Stored dataset items
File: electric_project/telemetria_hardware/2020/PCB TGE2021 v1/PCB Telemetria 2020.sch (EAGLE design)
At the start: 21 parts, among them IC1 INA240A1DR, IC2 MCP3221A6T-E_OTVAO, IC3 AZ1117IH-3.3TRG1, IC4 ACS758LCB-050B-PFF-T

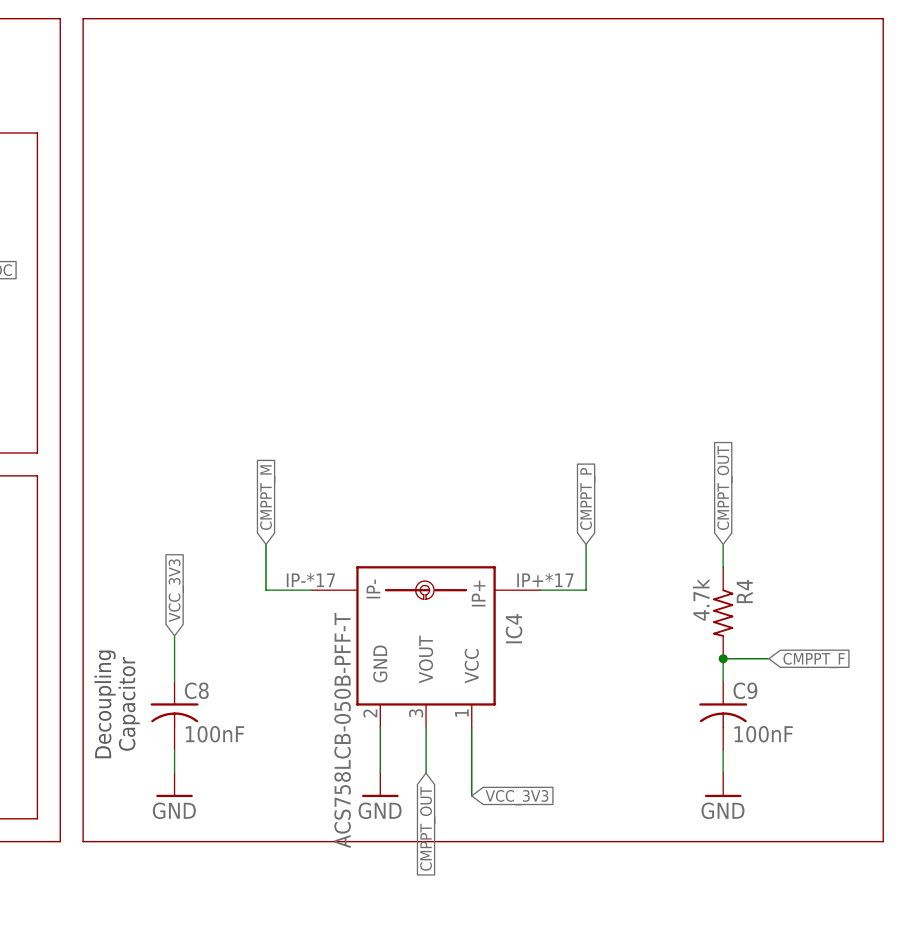
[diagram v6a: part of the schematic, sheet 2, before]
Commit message: Adding a connector to mppt current sense
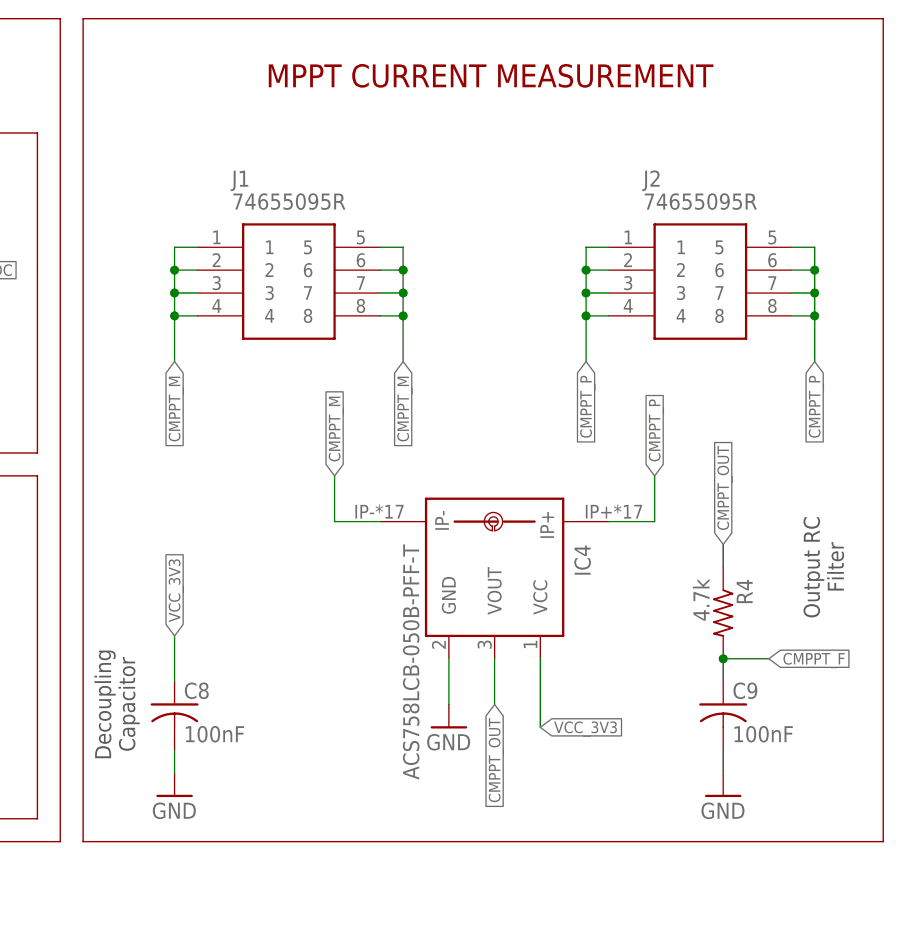
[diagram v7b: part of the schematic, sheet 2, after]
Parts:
- added J1, J2: 74655095R, SamacSys_Parts:74655095R
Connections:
- net CMPPT_M: now also J1.1, J1.2, J1.3, J1.4, J1.5, J1.6, J1.7, J1.8
- net CMPPT_P: now also J2.1, J2.2, J2.3, J2.4, J2.5, J2.6, J2.7, J2.8
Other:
- note added: "MPPT CURRENT MEASUREMENT"
- note added: "Output RC Filter"
- moved on the sheet: IC4
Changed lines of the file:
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@@
 <part name="R4" library="rcl" library_urn="urn:adsk.eagle:library:334" deviceset="R-US_" device="R0805" package3d_urn="urn:adsk.eagle:package:23553/2" value="4.7k"/>
 <part name="GND8" library="supply1" library_urn="urn:adsk.eagle:library:371" deviceset="GND" device=""/>
+<part name="J1" library="SamacSys_Parts" deviceset="74655095R" device=""/>
+<part name="J2" library="SamacSys_Parts" deviceset="74655095R" device=""/>
 </parts>
 <sheets>
@@
 <text x="161.036" y="170.18" size="1.778" layer="97" rot="R90" align="center">Decoupling
 Capacitor</text>
+<text x="177.8" y="238.76" size="2.54" layer="94">MPPT CURRENT MEASUREMENT</text>
+<text x="239.776" y="185.42" size="1.778" layer="97" rot="R90" align="center">Output RC
+Filter</text>
 </plain>
 <instances>
@@
 <attribute name="VALUE" x="129.54" y="200.66" size="1.778" layer="96"/>
 </instance>
-<instance part="IC4" gate="G$1" x="195.58" y="177.8" smashed="yes" rot="R270">
-<attribute name="NAME" x="204.47" y="180.34" size="1.778" layer="95" rot="R270"/>
-<attribute name="VALUE" x="185.42" y="180.34" size="1.778" layer="96" rot="R270"/>
-</instance>
-<instance part="GND6" gate="1" x="190.5" y="160.02" smashed="yes">
-<attribute name="VALUE" x="187.96" y="157.48" size="1.778" layer="96"/>
+<instance part="IC4" gate="G$1" x="203.2" y="185.42" smashed="yes" rot="R270">
+<attribute name="NAME" x="212.09" y="187.96" size="1.778" layer="95" rot="R270"/>
+<attribute name="VALUE" x="193.04" y="187.96" size="1.778" layer="96" rot="R270"/>
+</instance>
+<instance part="GND6" gate="1" x="198.12" y="167.64" smashed="yes">
+<attribute name="VALUE" x="195.58" y="165.1" size="1.778" layer="96"/>
 </instance>
 <instance part="C8" gate="G$1" x="167.64" y="170.18" smashed="yes">
@@
 <instance part="GND8" gate="1" x="228.6" y="160.02" smashed="yes">
 <attribute name="VALUE" x="226.06" y="157.48" size="1.778" layer="96"/>
+</instance>
+<instance part="J1" gate="G$1" x="170.18" y="220.98" smashed="yes">
+<attribute name="NAME" x="173.99" y="228.6" size="1.778" layer="95" align="center-left"/>
+<attribute name="VALUE" x="173.99" y="226.06" size="1.778" layer="96" align="center-left"/>
+</instance>
+<instance part="J2" gate="G$1" x="215.9" y="220.98" smashed="yes">
+<attribute name="NAME" x="219.71" y="228.6" size="1.778" layer="95" align="center-left"/>
+<attribute name="VALUE" x="219.71" y="226.06" size="1.778" layer="96" align="center-left"/>
 </instance>
 </instances>
@@
 <pinref part="IC4" gate="G$1" pin="GND"/>
 <pinref part="GND6" gate="1" pin="GND"/>
-<wire x1="190.5" y1="167.64" x2="190.5" y2="162.56" width="0.1524" layer="91"/>
+<wire x1="198.12" y1="175.26" x2="198.12" y2="170.18" width="0.1524" layer="91"/>
 </segment>
 <segment>
@@
 <segment>
 <pinref part="IC4" gate="G$1" pin="VCC"/>
-<label x="200.66" y="160.02" size="1.27" layer="95" xref="yes"/>
-<wire x1="200.66" y1="160.02" x2="200.66" y2="167.64" width="0.1524" layer="91"/>
+<label x="208.28" y="167.64" size="1.27" layer="95" xref="yes"/>
+<wire x1="208.28" y1="167.64" x2="208.28" y2="175.26" width="0.1524" layer="91"/>
 </segment>
 <segment>
@@
 <segment>
 <pinref part="IC4" gate="G$1" pin="VOUT"/>
-<wire x1="195.58" y1="167.64" x2="195.58" y2="162.56" width="0.1524" layer="91"/>
-<label x="195.58" y="162.56" size="1.27" layer="95" rot="R270" xref="yes"/>
+<wire x1="203.2" y1="175.26" x2="203.2" y2="170.18" width="0.1524" layer="91"/>
+<label x="203.2" y="170.18" size="1.27" layer="95" rot="R270" xref="yes"/>
 </segment>
 <segment>
@@
 <segment>
 <pinref part="IC4" gate="G$1" pin="IP+"/>
-<wire x1="208.28" y1="182.88" x2="213.36" y2="182.88" width="0.1524" layer="91"/>
-<wire x1="213.36" y1="182.88" x2="213.36" y2="187.96" width="0.1524" layer="91"/>
-<label x="213.36" y="187.96" size="1.27" layer="95" rot="R90" xref="yes"/>
+<wire x1="215.9" y1="190.5" x2="220.98" y2="190.5" width="0.1524" layer="91"/>
+<wire x1="220.98" y1="190.5" x2="220.98" y2="195.58" width="0.1524" layer="91"/>
+<label x="220.98" y="195.58" size="1.27" layer="95" rot="R90" xref="yes"/>
+</segment>
+<segment>
+<pinref part="J2" gate="G$1" pin="1"/>
+<wire x1="215.9" y1="220.98" x2="213.36" y2="220.98" width="0.1524" layer="91"/>
+<wire x1="213.36" y1="220.98" x2="213.36" y2="218.44" width="0.1524" layer="91"/>
+<wire x1="213.36" y1="218.44" x2="213.36" y2="215.9" width="0.1524" layer="91"/>
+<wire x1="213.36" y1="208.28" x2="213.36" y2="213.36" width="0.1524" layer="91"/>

* WORK REQUEST:
Scan the entries for the word "smashed". Report each line that has it.

* OUTPUT FOR THIS EXERCISE:
-<instance part="IC4" gate="G$1" x="195.58" y="177.8" smashed="yes" rot="R270">
-<instance part="GND6" gate="1" x="190.5" y="160.02" smashed="yes">
+<instance part="IC4" gate="G$1" x="203.2" y="185.42" smashed="yes" rot="R270">
+<instance part="GND6" gate="1" x="198.12" y="167.64" smashed="yes">
 <instance part="C8" gate="G$1" x="167.64" y="170.18" smashed="yes">
 <instance part="GND8" gate="1" x="228.6" y="160.02" smashed="yes">
+<instance part="J1" gate="G$1" x="170.18" y="220.98" smashed="yes">
+<instance part="J2" gate="G$1" x="215.9" y="220.98" smashed="yes">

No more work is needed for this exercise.